My theory is that the "binary key" idea came about because someone just took a quick look at file format without really doing their homework. For example, if you combine #2 and #3, you would probably see a binary blob in most files that appears to be at the top. The reason for that is that if the file has a image or some other kind of object in it, and since the file isn't pretty printed, the first line break would come from the base64 encoded data. That would mean that it would look like there is some binary data right at the top. The weird thing here though is that some of the folks that were saying there is a binary key supposedly spent a lot of time looking at all kinds of document formats and investigated them in order to create a universal file format capable of representing every document that ever existed. I would think they would have looked a little closer and seen that there really isn't a "binary key" to unlock the documents. They are already unlocked.

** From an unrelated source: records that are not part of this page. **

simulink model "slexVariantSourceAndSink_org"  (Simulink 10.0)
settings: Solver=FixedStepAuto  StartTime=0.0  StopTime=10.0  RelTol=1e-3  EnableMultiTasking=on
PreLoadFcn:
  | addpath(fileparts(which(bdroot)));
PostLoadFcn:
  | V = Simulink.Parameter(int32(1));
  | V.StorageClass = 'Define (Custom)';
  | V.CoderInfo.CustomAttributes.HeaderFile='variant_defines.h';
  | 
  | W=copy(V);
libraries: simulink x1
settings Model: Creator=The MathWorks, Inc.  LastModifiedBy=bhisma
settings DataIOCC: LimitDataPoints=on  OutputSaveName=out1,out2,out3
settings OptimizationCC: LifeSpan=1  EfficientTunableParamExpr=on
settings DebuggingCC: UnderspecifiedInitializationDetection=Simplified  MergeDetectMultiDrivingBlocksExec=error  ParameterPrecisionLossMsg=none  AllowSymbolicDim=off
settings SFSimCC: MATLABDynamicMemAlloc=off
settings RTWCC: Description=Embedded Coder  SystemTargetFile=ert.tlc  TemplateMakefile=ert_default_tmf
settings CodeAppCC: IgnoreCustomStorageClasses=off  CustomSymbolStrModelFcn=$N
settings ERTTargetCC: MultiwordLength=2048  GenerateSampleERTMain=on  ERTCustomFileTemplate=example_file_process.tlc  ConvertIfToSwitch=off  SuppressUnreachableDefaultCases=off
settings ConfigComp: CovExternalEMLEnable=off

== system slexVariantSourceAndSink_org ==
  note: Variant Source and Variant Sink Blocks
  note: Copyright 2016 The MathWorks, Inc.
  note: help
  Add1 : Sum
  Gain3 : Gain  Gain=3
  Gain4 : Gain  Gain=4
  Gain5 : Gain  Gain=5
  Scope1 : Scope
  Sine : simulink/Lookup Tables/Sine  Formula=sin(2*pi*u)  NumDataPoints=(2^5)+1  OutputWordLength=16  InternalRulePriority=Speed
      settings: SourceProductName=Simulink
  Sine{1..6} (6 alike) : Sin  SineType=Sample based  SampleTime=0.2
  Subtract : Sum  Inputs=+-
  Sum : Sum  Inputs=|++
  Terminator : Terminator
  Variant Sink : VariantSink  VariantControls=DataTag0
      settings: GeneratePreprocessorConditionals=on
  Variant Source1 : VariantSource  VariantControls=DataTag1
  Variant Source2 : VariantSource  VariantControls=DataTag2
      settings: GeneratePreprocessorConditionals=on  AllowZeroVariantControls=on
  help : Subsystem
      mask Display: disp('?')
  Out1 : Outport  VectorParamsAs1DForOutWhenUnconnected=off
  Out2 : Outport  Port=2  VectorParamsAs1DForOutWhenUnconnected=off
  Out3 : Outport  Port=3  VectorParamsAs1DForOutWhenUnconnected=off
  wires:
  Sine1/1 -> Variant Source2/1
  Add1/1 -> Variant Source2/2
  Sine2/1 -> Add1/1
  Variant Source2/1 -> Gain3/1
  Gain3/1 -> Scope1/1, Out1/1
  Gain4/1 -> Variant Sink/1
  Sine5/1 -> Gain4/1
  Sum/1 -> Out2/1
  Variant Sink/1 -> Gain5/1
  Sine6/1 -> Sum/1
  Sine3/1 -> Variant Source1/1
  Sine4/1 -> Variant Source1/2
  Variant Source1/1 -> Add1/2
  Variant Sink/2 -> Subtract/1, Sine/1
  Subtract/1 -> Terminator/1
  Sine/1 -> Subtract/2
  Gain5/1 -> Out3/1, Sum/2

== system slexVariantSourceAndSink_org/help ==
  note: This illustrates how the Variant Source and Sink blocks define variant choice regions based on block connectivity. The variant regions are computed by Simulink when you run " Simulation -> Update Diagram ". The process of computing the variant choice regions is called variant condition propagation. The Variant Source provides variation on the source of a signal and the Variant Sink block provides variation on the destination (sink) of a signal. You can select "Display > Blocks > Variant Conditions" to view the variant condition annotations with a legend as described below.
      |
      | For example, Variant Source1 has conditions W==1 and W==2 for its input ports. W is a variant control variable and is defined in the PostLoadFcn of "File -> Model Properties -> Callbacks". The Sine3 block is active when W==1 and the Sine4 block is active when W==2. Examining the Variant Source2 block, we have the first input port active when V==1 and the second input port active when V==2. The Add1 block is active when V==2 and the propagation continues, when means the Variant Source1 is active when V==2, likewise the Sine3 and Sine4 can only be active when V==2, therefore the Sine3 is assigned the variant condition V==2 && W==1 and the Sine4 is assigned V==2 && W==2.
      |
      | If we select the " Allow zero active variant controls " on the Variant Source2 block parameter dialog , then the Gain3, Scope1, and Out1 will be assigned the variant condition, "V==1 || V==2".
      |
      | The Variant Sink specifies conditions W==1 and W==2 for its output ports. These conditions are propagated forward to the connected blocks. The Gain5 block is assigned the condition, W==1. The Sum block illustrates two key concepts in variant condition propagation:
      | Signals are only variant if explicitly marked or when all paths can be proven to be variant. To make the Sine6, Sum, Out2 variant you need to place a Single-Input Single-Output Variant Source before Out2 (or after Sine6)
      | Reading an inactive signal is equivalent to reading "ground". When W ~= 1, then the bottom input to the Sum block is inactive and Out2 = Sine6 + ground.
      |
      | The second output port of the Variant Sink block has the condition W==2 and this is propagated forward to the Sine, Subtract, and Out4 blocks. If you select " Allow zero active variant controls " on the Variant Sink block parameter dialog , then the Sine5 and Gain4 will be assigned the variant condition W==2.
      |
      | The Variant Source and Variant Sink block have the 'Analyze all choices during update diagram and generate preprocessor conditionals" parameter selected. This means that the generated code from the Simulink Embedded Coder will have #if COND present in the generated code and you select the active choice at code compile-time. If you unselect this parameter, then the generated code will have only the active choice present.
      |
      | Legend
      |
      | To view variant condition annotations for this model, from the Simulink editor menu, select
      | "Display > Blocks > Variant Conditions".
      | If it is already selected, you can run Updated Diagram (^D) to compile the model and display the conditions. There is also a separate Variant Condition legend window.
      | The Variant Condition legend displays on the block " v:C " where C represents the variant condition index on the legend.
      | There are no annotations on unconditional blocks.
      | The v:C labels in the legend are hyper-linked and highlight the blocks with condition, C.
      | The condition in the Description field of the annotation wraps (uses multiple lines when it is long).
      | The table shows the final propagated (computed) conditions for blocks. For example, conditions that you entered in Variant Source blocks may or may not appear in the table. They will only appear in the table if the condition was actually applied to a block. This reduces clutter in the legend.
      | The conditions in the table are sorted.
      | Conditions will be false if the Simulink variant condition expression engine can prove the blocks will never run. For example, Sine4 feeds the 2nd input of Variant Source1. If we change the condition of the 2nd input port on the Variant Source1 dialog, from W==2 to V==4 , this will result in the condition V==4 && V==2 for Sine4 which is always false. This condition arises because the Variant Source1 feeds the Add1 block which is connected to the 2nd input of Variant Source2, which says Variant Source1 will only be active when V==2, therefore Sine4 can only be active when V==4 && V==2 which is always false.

To learn more, go check out the documentation. It's up there for free and anyone can download it. Or play around with the free labs. Or read my "Intro to Word XML" posts. The easiest way for us to have good discussions on these topics is for everyone to actually look into it themselves rather than relying on random news stories. I understand not everyone has the time to look into it, but unfortunately there is a lot of false information out there.